I don't have any advice for you as it seems that men who suffer from retroactive jealousy aren't able to shake the thoughts and feelings by using logical and rational thought.

I will say that you should not get married unless you are able to manage your retroactive jealousy. It's not fair to her, and you will always be torn up inside when you think about this, and you will think about this all the time. 

The only thing I've seen online that can maybe help some people with RJ is Cognitive Behavior Therapy (CBT). You might want to look into that.


----------



## TheTruthHurts (Oct 1, 2015)

Glad you're here. I don't have infidelity in my long term relationship and my wife and I have really only had one or two partners so I want to get that out first.

To me this is obvious and it isn't really about your feelings about her past. The difficult thing here is trusrt and honesty.

Given both of your pasts, I think it is imperative that you start with good counseling (may have to see several people to find a good one). You need to work on honest and open communications to maintain a heakthy relationship.

Your gut feeling is telling you something but it isn't the sex or jealousy. You too have acted out.

Instead I hear fears that she could be duplicitous and be a good liar. You might be too. You need to establish boundaries on what is acceptable in your marriage and stick to them somehow.

Yes that is a huge thing! I bet if she had said - I'm very ashamed of my behavior but the fact is I was not in control and was trying to fill in an empty feeling and did it the wrong way.
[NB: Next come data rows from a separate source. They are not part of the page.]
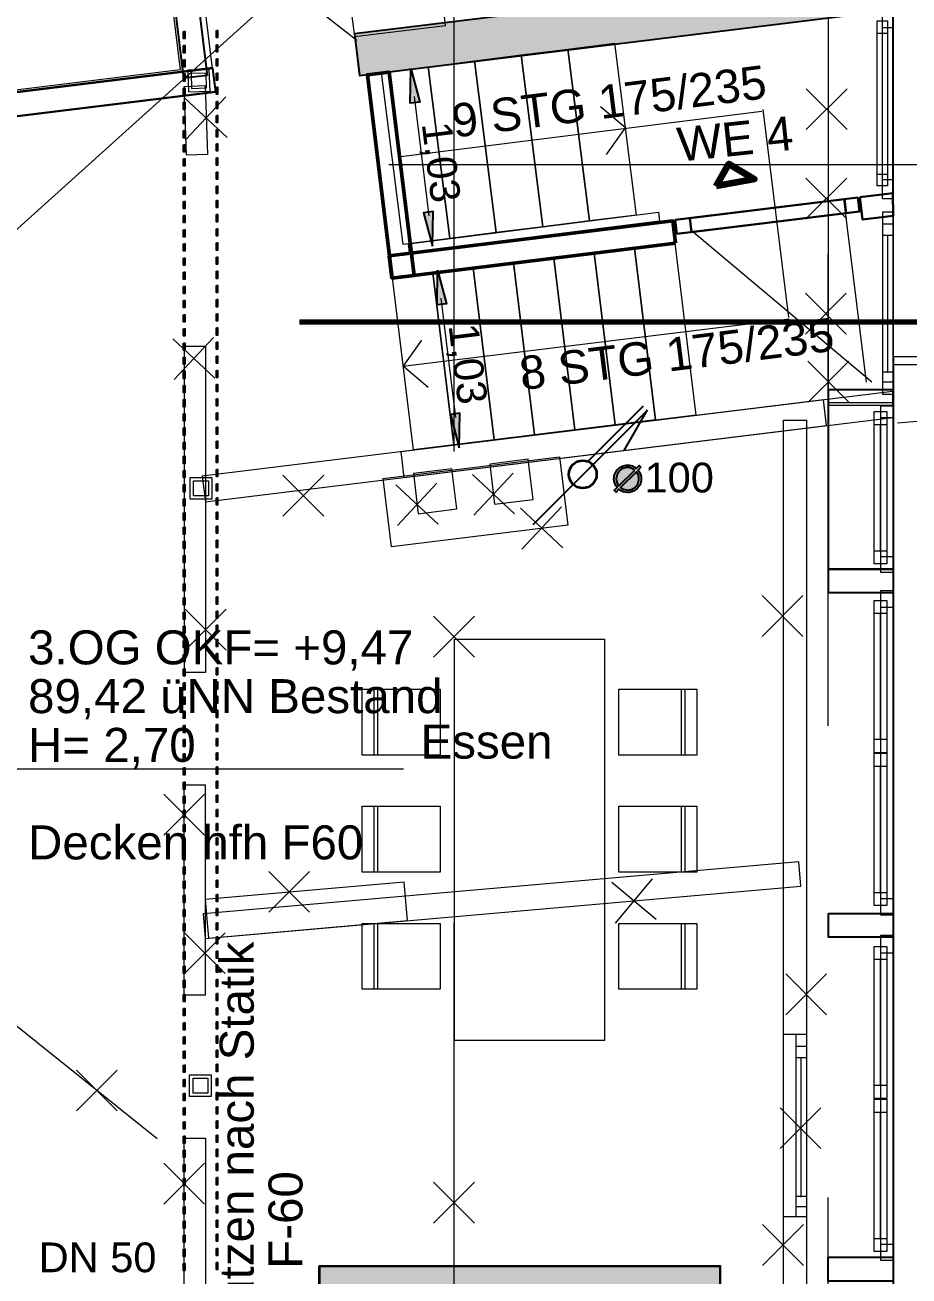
# Model space of a CAD drawing. Header units: millimetres. Extents: x 1501 to 41669, y -38 to 29710.
# Drawn here: x 11504 to 16788, y 10477 to 17957 of the extents above; entities that cross this region are included whole.
import ezdxf

# ---------------------------------------------------------------- set-up
doc = ezdxf.new("R2010")
doc.units = ezdxf.units.MM
doc.header["$LTSCALE"] = 50
for name, pattern in [('PDF_56-4_56-4_0-0_0-0', [112.8, 56.4, -56.4, 0, 0]), ('PDF_564-4_176-4_70-6_176-4', [987.8, 564.4, -176.4, 70.6, -176.4]), ('PDF_91-7_91-7_0-0_0-0', [183.4, 91.7, -91.7, 0, 0])]:
    doc.linetypes.add(name, pattern=pattern)
for name, color, linetype in [('00_Wand_Bestand', 7, 'Continuous'), ('03_Sanitaer', 5, 'Continuous'), ('05_Linien_stark', 7, 'Continuous'), ('06_Linien_fein', 3, 'Continuous'), ('07_Bemassung', 6, 'Continuous'), ('08_Schnittlinie', 1, 'Continuous'), ('10_Text', 7, 'Continuous')]:
    doc.layers.add(name, color=color, linetype=linetype)
doc.styles.add('PLAN', font='arial.ttf')

msp = doc.modelspace()

# ---------------------------------------------------------------- hatches: boundary and pattern name
at = {"layer": '00_Wand_Bestand'}
for points in [[(16697.3, 18299), (13473.1, 17903.1), (13503.6, 17655), (16697.5, 18047.2)], [(13810.2, 17696.1), (13863.7, 17496.2), (13806.7, 17489.1)], [(13939.8, 16635.3), (13943.4, 16841.6), (13886.3, 16834.6)], [(13970.1, 16490), (14023.7, 16290.1), (13966.6, 16283.1)], [(14099.7, 15429.3), (14103.3, 15635.5), (14046.3, 15628.5)], [(15185.3, 15312.7), (15168.4, 15295.6), (15177.5, 15282.3), (15183.3, 15270), (15186.5, 15257.2), (15187.5, 15242.4), (15186.9, 15232.5), (15185.2, 15223), (15182.2, 15213.9), (15178, 15205.1), (15172.7, 15196.7), (15166.2, 15188.7), (15160, 15182.4), (15153.4, 15177), (15146.4, 15172.5), (15139.1, 15168.7), (15131.4, 15165.8), (15123.3, 15163.7), (15114.8, 15162.5), (15105.9, 15162.1), (15092.1, 15163.1), (15079.9, 15166.2), (15067.7, 15172), (15053.7, 15181.2), (15036.8, 15164.5), (15026.4, 15174.6), (15043.5, 15191.3), (15034.4, 15205.4), (15028.6, 15217.8), (15025.4, 15230.3), (15024.4, 15244.3), (15024.9, 15253.6), (15026.3, 15262.4), (15028.8, 15270.9), (15032.2, 15279.1), (15036.6, 15286.8), (15042, 15294.3), (15048.4, 15301.3), (15055.5, 15307.7), (15062.9, 15313.1), (15070.7, 15317.5), (15078.8, 15320.9), (15087.3, 15323.4), (15096.2, 15324.9), (15105.4, 15325.4), (15119.6, 15324.3), (15132.2, 15321.1), (15144.6, 15315.2), (15158.3, 15306.1), (15175, 15322.9)], [(15148.3, 15296), (15135.9, 15303.2), (15125.6, 15307.8), (15115.9, 15310.3), (15105.4, 15311.2), (15097.7, 15310.7), (15090.4, 15309.5), (15083.3, 15307.5), (15076.5, 15304.7), (15070.1, 15301), (15064, 15296.5), (15058.1, 15291.3), (15052.1, 15284.4), (15047.1, 15277.1), (15043.3, 15269.4), (15040.5, 15261.3), (15038.8, 15252.8), (15038.3, 15243.8), (15039.1, 15232.6), (15041.6, 15222.6), (15046.2, 15212.6), (15053.5, 15201.1)], [(15158.6, 15285.9), (15063.5, 15191), (15071.9, 15185.7), (15080.3, 15181.6), (15088.8, 15178.6), (15097.4, 15176.8), (15106.1, 15176.3), (15115.1, 15176.8), (15123.6, 15178.4), (15131.7, 15181.2), (15139.4, 15185), (15146.7, 15189.9), (15153.5, 15196), (15158.8, 15201.8), (15163.2, 15207.8), (15166.9, 15214.2), (15169.7, 15221), (15171.7, 15228), (15172.9, 15235.3), (15173.3, 15243), (15172.5, 15254.3), (15170.1, 15264.4), (15165.6, 15274.5)]]:
    msp.add_hatch(color=7, dxfattribs=at).paths.add_polyline_path(points)
at = {"layer": '03_Sanitaer', "transparency": 33554572}
msp.add_hatch(color=7, dxfattribs=at).paths.add_polyline_path([(13262.8, 10538.1), (15659, 10538.1), (15659, 9543.8), (13262.8, 9543.8)])

# ---------------------------------------------------------------- linework, layer by layer
at = {"layer": '00_Wand_Bestand'}
for points in [[(16697.3, 18299), (13473.1, 17903.1), (13503.6, 17655), (16697.5, 18047.2)], [(13810.2, 17696.1), (13863.7, 17496.2), (13806.7, 17489.1)], [(13939.8, 16635.3), (13943.4, 16841.6), (13886.3, 16834.6)], [(13970.1, 16490), (14023.7, 16290.1), (13966.6, 16283.1)], [(14099.7, 15429.3), (14103.3, 15635.5), (14046.3, 15628.5)], [(15185.3, 15312.7), (15168.4, 15295.6), (15177.5, 15282.3), (15183.3, 15270), (15186.5, 15257.2), (15187.5, 15242.4), (15186.9, 15232.5), (15185.2, 15223), (15182.2, 15213.9), (15178, 15205.1), (15172.7, 15196.7), (15166.2, 15188.7), (15160, 15182.4), (15153.4, 15177), (15146.4, 15172.5), (15139.1, 15168.7), (15131.4, 15165.8), (15123.3, 15163.7), (15114.8, 15162.5), (15105.9, 15162.1), (15092.1, 15163.1), (15079.9, 15166.2), (15067.7, 15172), (15053.7, 15181.2), (15036.8, 15164.5), (15026.4, 15174.6), (15043.5, 15191.3), (15034.4, 15205.4), (15028.6, 15217.8), (15025.4, 15230.3), (15024.4, 15244.3), (15024.9, 15253.6), (15026.3, 15262.4), (15028.8, 15270.9), (15032.2, 15279.1), (15036.6, 15286.8), (15042, 15294.3), (15048.4, 15301.3), (15055.5, 15307.7), (15062.9, 15313.1), (15070.7, 15317.5), (15078.8, 15320.9), (15087.3, 15323.4), (15096.2, 15324.9), (15105.4, 15325.4), (15119.6, 15324.3), (15132.2, 15321.1), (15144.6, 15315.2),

I ended up with many more partners and in a very risky way and it's not something I ever want to do again. The. You could get details, put it on the table, and discuss why this was a one time thing.

The problem is there is a huge disparity between what she told you and what she did. She could be ashamed, or she could have enjoyed it. You don't know.

I am not saying this is a bad relationship. But you do need honesty or you are not really building a marriage and partnership together.


----------



## StilltheStudent (Sep 14, 2015)

Come on Norajane, labeling the OP as having a RJ problem is not being fair.

When he and the Fiancé sat down before under the premise that they were going to be honest with each other he dealt with it like an adult, recognizing his own past, her acceptance of it, and he afforded her the same respect.

What we have here is a women who outright lied to her future husband about something they both agreed to be 100% honest about.

OP, I would honestly get your thoughts in order.
Recognize that she might be ashamed of that part of her past and that you should approach her with some empathy and understanding.

Have an adult conversation where you say what you found and, personally, I would make a point that she should not be lying to you about these things. You are there to support her and she needs to be honest with you about things, especially when you both agree to delve into your pasts.


----------



## TheTruthHurts (Oct 1, 2015)

If you find your partner can lie to you and maintain the lie, then trust is broken. Once that happens it is sometimes impossible to restore the trust. You end up questioning everything - including your past together - and it taints even your memories and history.

Explain why this is important - and figure out how to maintain openness and honesty. There must be transparency.

It could be she gave you the phone to tell you this - that would be a very good sign in terms of her willingness to be open. But she should have warned you then. Find out what her intentions were.

Don't let this turn into a negative discussion with her accusing you of not trusting her. If that happens, tell her your trust was violated and you need her to help you regain that trust. Only she can do it.

Btw - carefully think about your own past and do not rug sweep anything either!

Good luck


----------



## happy as a clam (Jan 5, 2014)

I really don't think this has anything to do with retroactive jealousy. It has to do with the fact that she outright lied, even though they both had a presumably "open and honest" conversation about their pasts. The problem is, her side of the convo wasn't open and honest. His was.

OP, you really must address this. No, you shouldn't just let it go. Otherwise you are both living with a lie and allowing her to think she "got away with it" makes you complicit.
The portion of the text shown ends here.